Refugees pay £2,800 to cross Channel to brutal human traffickers

Refugees pay £2,800 to cross Channel to brutal human traffickers

Due to a lack of boats, migrants are reportedly paying people smugglers up to £2,800 per person to enter the UK.

Despite this, 800 more migrants crossed the English Channel yesterday, suggesting that the problems are not slowing down the flow of crossings.

With the most recent arrivals, the total for this year is now 36,463 individuals on 899 vessels, or an average of 41 people per boat.

Additionally, it indicates that more than 75,000 immigrants have entered Britain via the Channel since official records started four years ago.

A BBC investigation found that despite the historically high number of crossings, human trafficking groups in France say they are running out of inflatable boats to make the crossings.

An undercover journalist pretended to be a migrant with a pregnant wife and a two-year-old daughter and was informed that it would cost £2,800 for each person to enter the UK. The human trafficker declared: “I won’t be profitable if I don’t. I’m unable to do less.

Another trafficker warned that due to a shortage of inflatable dinghies and other small vessels, prices will soon rise.

There aren’t enough boats, he said. There is an issue in Germany. We import them through Germany after purchasing them in Turkey. More money is made trafficking people than narcotics.

According to the BBC investigation, migrants have been utilizing a free local bus service in France to get to beaches where human traffickers may assist them in traveling to the UK.

The asylum seekers apparently were led to sand dunes by members of smuggling gangs after using the public transportation to reach Dunkirk, where they were instructed to hide until the boats were prepared.

Despite the difficulties smugglers encountered, 856 individuals yesterday accomplished the dangerous crossing of the 21-mile Dover Straits. Around nine in the morning, the first migrants were taken into Dover, Kent aboard a Border Force vessel.

They waited in line for the bus that would transport them for processing while braving temperatures of 15°C and winds of up to 18mph in the Channel.

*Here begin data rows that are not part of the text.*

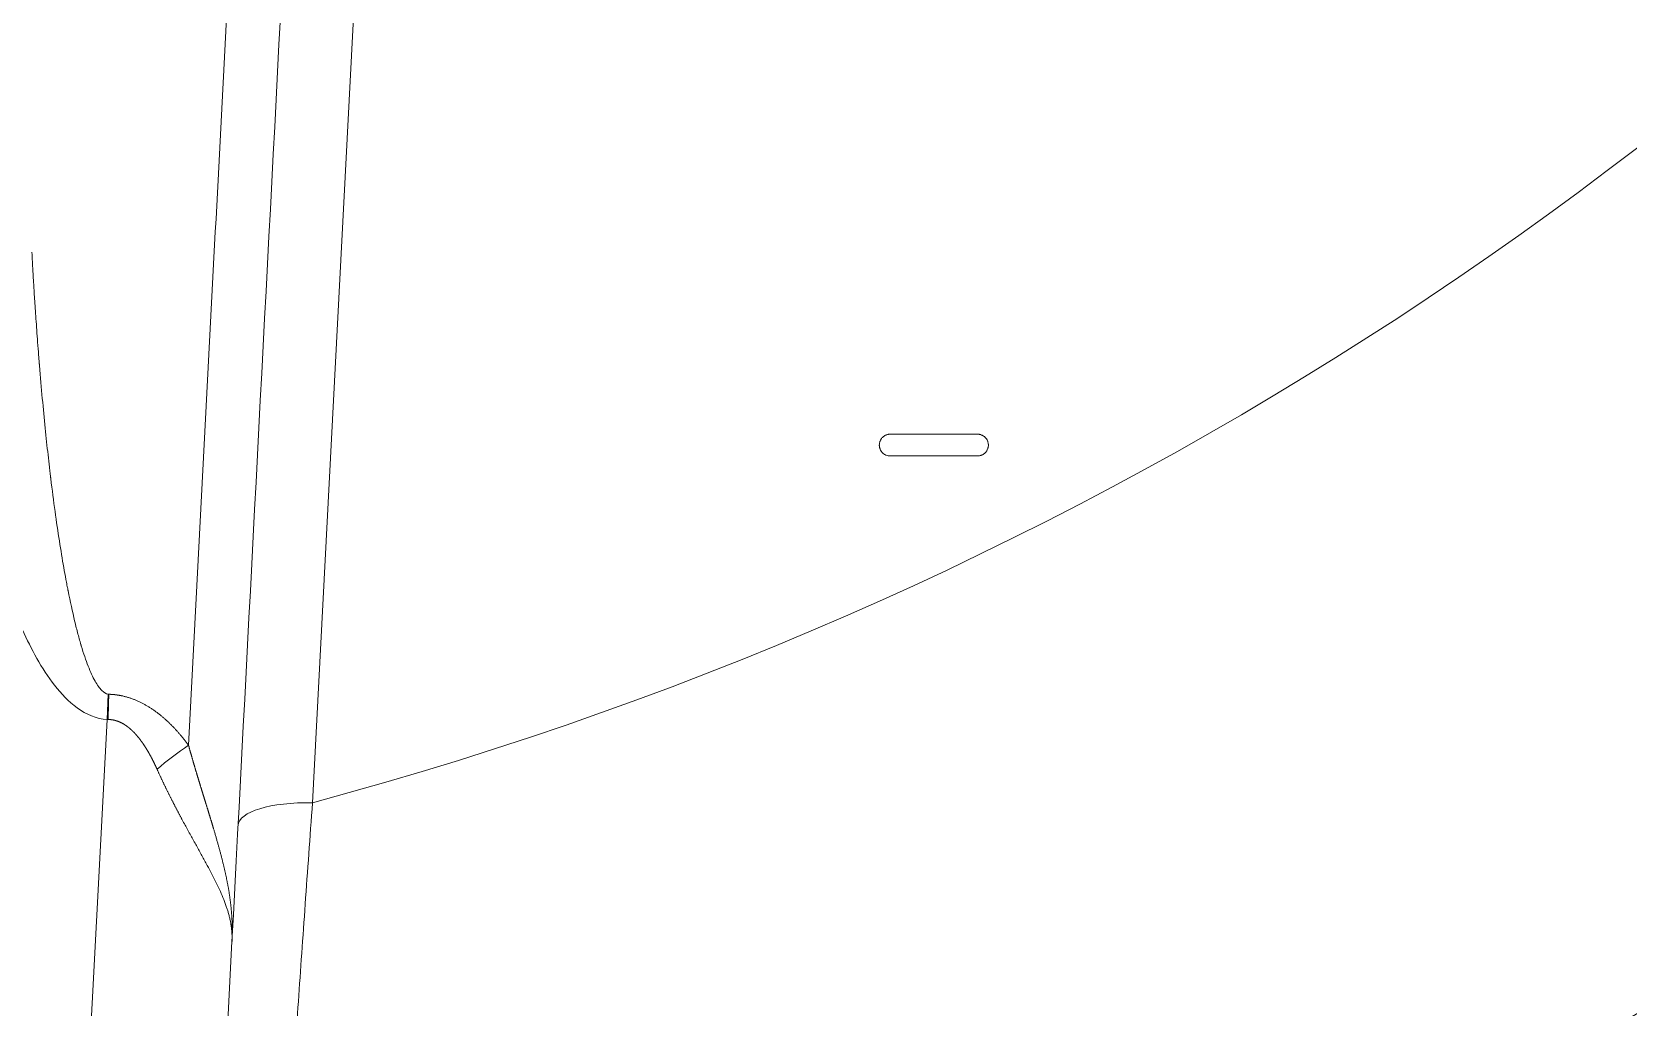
# Model space of a CAD drawing. Header units: millimetres. Extents: x 4664 to 8864, y -38 to 2932.
# Drawn here: x 5828.8 to 5879.8, y 1046.6 to 1077.7 of the extents above; entities that cross this region are included whole.
import ezdxf

# ---------------------------------------------------------------- set-up
doc = ezdxf.new("R2010")
doc.units = ezdxf.units.MM

msp = doc.modelspace()

# ---------------------------------------------------------------- linework, layer by layer
at = {"lineweight": 5}
for p, q in [((5843.507, 1162.505), (5837.773, 1053.09)), ((5859.009, 1064.862), (5856.223, 1064.862)), ((5856.223, 1064.166), (5859.009, 1064.166)), ((5831.215, 1055.749), (5831.247, 1056.558)), ((5830.207, 1036.528), (5831.215, 1055.749)), ((5835.202, 1048.656), (5834.235, 1030.206))]:
    msp.add_line(p, q, dxfattribs=at)
for radius, start, end in [(143.338, 281.4552, 357.26473), (120.442, 285.01823, 356.70933)]:
    msp.add_arc((5806.563, 1169.419), radius, start, end, dxfattribs=at)
for centre, major_axis, ratio, start_param, end_param in [((5831.269, 1055.747), (0.063, 2.611), 0.007773, 1.256835, 1.570575), ((5833.816, 1054.106), (2.1, 1.553), 0.256536, 1.383356, 1.872733), ((5838.005, 1052.226), (2.608, -0.137), 0.327583, 1.676949, 3.141593)]:
    msp.add_ellipse(centre, major_axis=major_axis, ratio=ratio, start_param=start_param, end_param=end_param, dxfattribs=at)
for points, knots in [([(5833.816, 1054.925), (5834.042, 1059.267), (5834.27, 1063.635), (5834.613, 1070.225), (5834.728, 1072.427), (5834.959, 1076.843), (5835.305, 1083.485), (5835.77, 1092.402), (5836.121, 1099.13), (5836.355, 1103.624), (5836.473, 1105.874), (5837.061, 1117.146), (5837.534, 1126.22), (5838.484, 1144.432), (5838.96, 1153.569), (5839.437, 1162.711)], [0, 0, 0, 0, 0.125, 0.125, 0.1875, 0.1875, 0.25, 0.375, 0.4375, 0.4375, 0.5, 0.5, 0.75, 0.75, 1, 1, 1, 1]), ([(5841.173, 1162.591), (5840.665, 1152.9), (5840.158, 1143.216), (5839.148, 1123.943), (5838.644, 1114.332), (5837.145, 1085.732), (5836.16, 1066.942), (5835.202, 1048.656)], [0, 0, 0, 0, 0.25, 0.25, 0.5, 0.5, 1, 1, 1, 1]), ([(5831.215, 1055.749), (5830.866, 1055.763), (5830.542, 1055.913), (5829.983, 1056.32), (5829.748, 1056.573), (5829.114, 1057.385), (5828.792, 1057.993), (5827.958, 1059.851), (5827.574, 1061.172), (5826.96, 1063.811), (5826.735, 1065.144), (5826.393, 1067.827), (5826.277, 1069.177), (5826.205, 1070.534)], [0, 0, 0, 0, 0.0625, 0.0625, 0.125, 0.125, 0.25, 0.25, 0.5, 0.5, 0.75, 0.75, 1, 1, 1, 1]), ([(5828.814, 1070.671), (5828.814, 1070.671), (5828.816, 1070.632), (5828.822, 1070.518), (5828.83, 1070.367), (5828.835, 1070.272), (5828.848, 1070.046), (5828.855, 1069.914), (5828.873, 1069.612), (5828.883, 1069.442), (5828.907, 1069.066), (5828.921, 1068.858), (5828.952, 1068.406), (5828.969, 1068.162), (5828.998, 1067.766), (5829.009, 1067.63), (5829.025, 1067.418), (5829.034, 1067.311), (5829.044, 1067.182), (5829.049, 1067.117), (5829.052, 1067.084), (5829.053, 1067.068), (5829.054, 1067.06), (5829.054, 1067.055), (5829.054, 1067.053), (5829.054, 1067.052), (5829.054, 1067.052), (5829.054, 1067.052), (5829.054, 1067.052), (5829.054, 1067.051), (5829.054, 1067.051), (5829.054, 1067.051), (5829.084, 1066.687), (5829.115, 1066.338), (5829.176, 1065.673), (5829.206, 1065.356), (5829.267, 1064.756), (5829.298, 1064.471), (5829.343, 1064.069), (5829.365, 1063.874), (5829.391, 1063.657), (5829.404, 1063.551), (5829.41, 1063.499), (5829.413, 1063.473), (5829.415, 1063.46), (5829.415, 1063.453), (5829.416, 1063.45), (5829.416, 1063.448), (5829.416, 1063.447), (5829.416, 1063.447), (5829.416, 1063.447), (5829.416, 1063.447), (5829.416, 1063.447), (5829.416, 1063.447), (5829.416, 1063.447), (5829.461, 1063.08), (5829.506, 1062.73), (5829.598, 1062.065), (5829.644, 1061.75), (5829.737, 1061.153), (5829.784, 1060.871), (5829.853, 1060.475), (5829.876, 1060.347), (5829.911, 1060.162), (5829.928, 1060.071), (5829.948, 1059.967), (5829.958, 1059.916), (5829.963, 1059.891), (5829.965, 1059.878), (5829.967, 1059.872), (5829.967, 1059.869), (5829.968, 1059.867), (5829.968, 1059.867), (5829.968, 1059.866), (5829.968, 1059.866), (5829.968, 1059.866), (5829.968, 1059.866), (5829.968, 1059.866), (5829.968, 1059.866), (5830.038, 1059.513), (5830.108, 1059.19), (5830.214, 1058.749), (5830.249, 1058.61), (5830.301, 1058.412), (5830.327, 1058.316), (5830.358, 1058.209), (5830.373, 1058.156), (5830.381, 1058.13), (5830.385, 1058.118), (5830.386, 1058.111), (5830.387, 1058.108), (5830.388, 1058.106), (5830.388, 1058.106), (5830.388, 1058.105), (5830.388, 1058.105), (5830.388, 1058.105), (5830.388, 1058.105), (5830.388, 1058.105), (5830.388, 1058.105), (5830.388, 1058.105), (5830.462, 1057.858), (5830.536, 1057.64), (5830.683, 1057.264), (5830.756, 1057.105), (5830.901, 1056.847), (5830.973, 1056.748), (5831.113, 1056.608), (5831.181, 1056.568), (5831.247, 1056.558)], [0, 0, 0, 0, 0.03125, 0.0625, 0.0625, 0.09375, 0.09375, 0.125, 0.125, 0.15625, 0.15625, 0.1875, 0.1875, 0.21875, 0.21875, 0.234375, 0.234375, 0.242187, 0.246094, 0.248047, 0.249023, 0.249512, 0.249756, 0.249878, 0.249939, 0.249969, 0.249985, 0.249992, 0.249996, 0.249998, 0.249998, 0.25, 0.25, 0.3125, 0.3125, 0.375, 0.375, 0.4375, 0.4375, 0.46875, 0.484375, 0.492187, 0.496094, 0.498047, 0.499023, 0.499512, 0.499756, 0.499878, 0.499939, 0.499969, 0.499985, 0.499992, 0.499996, 0.499996, 0.5, 0.5, 0.5625, 0.5625, 0.625, 0.625, 0.6875, 0.6875, 0.71875, 0.71875, 0.734375, 0.742187, 0.746094, 0.748047, 0.749023, 0.749512, 0.749756, 0.749878, 0.749939, 0.749969, 0.749985, 0.749992, 0.749996, 0.749996, 0.75, 0.75, 0.8125, 0.8125, 0.84375, 0.84375, 0.859375, 0.867187, 0.871094, 0.873047, 0.874023, 0.874512, 0.874756, 0.874878, 0.874939, 0.874969, 0.874985, 0.874992, 0.874996, 0.874998, 0.874998, 0.875, 0.875, 0.90625, 0.90625, 0.9375, 0.9375, 0.96875, 0.96875, 1, 1, 1, 1]), ([(5856.223, 1064.862), (5856.211, 1064.862), (5856.188, 1064.861), (5856.153, 1064.856), (5856.131, 1064.85), (5856.114, 1064.845), (5856.108, 1064.843), (5856.097, 1064.839), (5856.092, 1064.837), (5856.076, 1064.83), (5856.055, 1064.82), (5856.035, 1064.807), (5856.023, 1064.799), (5856.02, 1064.797), (5856.015, 1064.794), (5856.013, 1064.792), (5856.006, 1064.787), (5856.001, 1064.783), (5855.988, 1064.772), (5855.971, 1064.756), (5855.956, 1064.738), (5855.945, 1064.724), (5855.942, 1064.72), (5855.935, 1064.71), (5855.932, 1064.705), (5855.916, 1064.681), (5855.906, 1064.66), (5855.896, 1064.634), (5855.894, 1064.628), (5855.89, 1064.618), (5855.889, 1064.612), (5855.884, 1064.596), (5855.882, 1064.585), (5855.876, 1064.551), (5855.874, 1064.529), (5855.875, 1064.501), (5855.875, 1064.495), (5855.876, 1064.484), (5855.877, 1064.478), (5855.879, 1064.462), (5855.882, 1064.44), (5855.888, 1064.419), (5855.893, 1064.403), (5855.895, 1064.398), (5855.899, 1064.387), (5855.901, 1064.382), (5855.912, 1064.356), (5855.922, 1064.337), (5855.941, 1064.31), (5855.948, 1064.301), (5855.958, 1064.288), (5855.962, 1064.284), (5855.97, 1064.275), (5855.973, 1064.271), (5855.993, 1064.252), (5856.01, 1064.238), (5856.038, 1064.219), (5856.048, 1064.213), (5856.06, 1064.206), (5856.063, 1064.205), (5856.068, 1064.202), (5856.076, 1064.199), (5856.083, 1064.195), (5856.11, 1064.184), (5856.131, 1064.177), (5856.159, 1064.172), (5856.165, 1064.171), (5856.176, 1064.169), (5856.182, 1064.168), (5856.2, 1064.167), (5856.211, 1064.166), (5856.223, 1064.166)], [0, 0, 0, 0, 0.03125, 0.0625, 0.09375, 0.09375, 0.109375, 0.109375, 0.125, 0.125, 0.15625, 0.1875, 0.1875, 0.195313, 0.195313, 0.203125, 0.203125, 0.21875, 0.21875, 0.25, 0.28125, 0.28125, 0.296875, 0.296875, 0.3125, 0.3125, 0.375, 0.375, 0.390625, 0.390625, 0.40625, 0.40625, 0.4375, 0.4375, 0.5, 0.5, 0.515625, 0.515625, 0.53125, 0.53125, 0.5625, 0.59375, 0.59375, 0.609375, 0.609375, 0.625, 0.625, 0.6875, 0.6875, 0.71875, 0.71875, 0.734375, 0.734375, 0.75, 0.75, 0.8125, 0.8125, 0.84375, 0.84375, 0.851562, 0.851562, 0.859375, 0.875, 0.875, 0.9375, 0.9375, 0.953125, 0.953125, 0.96875, 0.96875, 1, 1, 1, 1]), ([(5859.009, 1064.166), (5859.021, 1064.166), (5859.044, 1064.167), (5859.078, 1064.172), (5859.101, 1064.178), (5859.118, 1064.183), (5859.124, 1064.185), (5859.135, 1064.189), (5859.14, 1064.192), (5859.156, 1064.198), (5859.177, 1064.209), (5859.197, 1064.221), (5859.209, 1064.229), (5859.212, 1064.231), (5859.217, 1064.235), (5859.219, 1064.236), (5859.226, 1064.242), (5859.231, 1064.245), (5859.244, 1064.257), (5859.261, 1064.273), (5859.276, 1064.29), (5859.287, 1064.304), (5859.29, 1064.309), (5859.297, 1064.318), (5859.3, 1064.323), (5859.316, 1064.348), (5859.326, 1064.368), (5859.336, 1064.395), (5859.338, 1064.4), (5859.342, 1064.411), (5859.343, 1064.417), (5859.348, 1064.433), (5859.35, 1064.444), (5859.356, 1064.478), (5859.358, 1064.5), (5859.357, 1064.528), (5859.357, 1064.534), (5859.356, 1064.545), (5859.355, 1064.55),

The day was spent with crossings. On the beach at Dungeness, at least two groups of asylum seekers were carried ashore by an RNLI lifeboat in the early afternoon.

Immigration officers greeted the about 70 passengers who arrived on the gravel beach, among them women and children. One of them, an older lady, was observed being assisted from the boat.

Additionally, on Wednesday, the French coastguard helped 46 passengers who had run into trouble in the English Channel.

30 stranded persons were picked up at Authie Bay by a coastal patrol boat, while 16 additional passengers were stopped off the coast of Fort-Mahon by a second marine vessel.

The migrants were delivered to the port of Boulogne-sur-Mer, where the departmental fire and rescue service and the border police took care of them.

The most recent arrivals bring the tally for the year to 36,463 individuals on 899 vessels, or an average of 41 individuals per boat. However, a recent revelation claims that traffickers are currently fitting 53 people onto each boat.

1,065 migrants arrived in Britain on Sunday, making it the biggest day this month.

The numbers for this year have already eclipsed those for 2020, when just 8,410 asylum seekers entered the UK, and 2021, when 28,526 persons crossed the Channel by small boat.

51,881 migrants were registered as coming in the UK between January 2018 and June 2022, according to official Home Office statistics. According to preliminary Ministry of Defence (MoD) figures, 23,747 have now been found.

As the government continues to confront legal opposition to its migration strategy to Rwanda, crossings continue.

After identical objections were raised last month, the case of Charity Asylum Aid is scheduled to be considered by High Court justices on Thursday.

While the legal battles are underway, deportation planes are halted.

At a later period, the court is anticipated to provide a decision on all the cases concurrently.

The MoD said that their data came from “active operational systems” and may vary, “including decrease.”

In order to stop illegal immigration, the Home Office said that it will “employ every weapon” at its disposal.

“We will go farther and quicker to combat individuals gaming the system, using every weapon at our disposal to dissuade illegal migration, damage the economic model of people traffickers, and repatriate to Rwanda, those with no right to be in the UK,” a spokeswoman said.

“Migrants who travel through safe nations to reach the UK illegally will not be permitted to establish a new life here,” the statement reads. “Despite the falsehoods they have been given by the people traffickers.”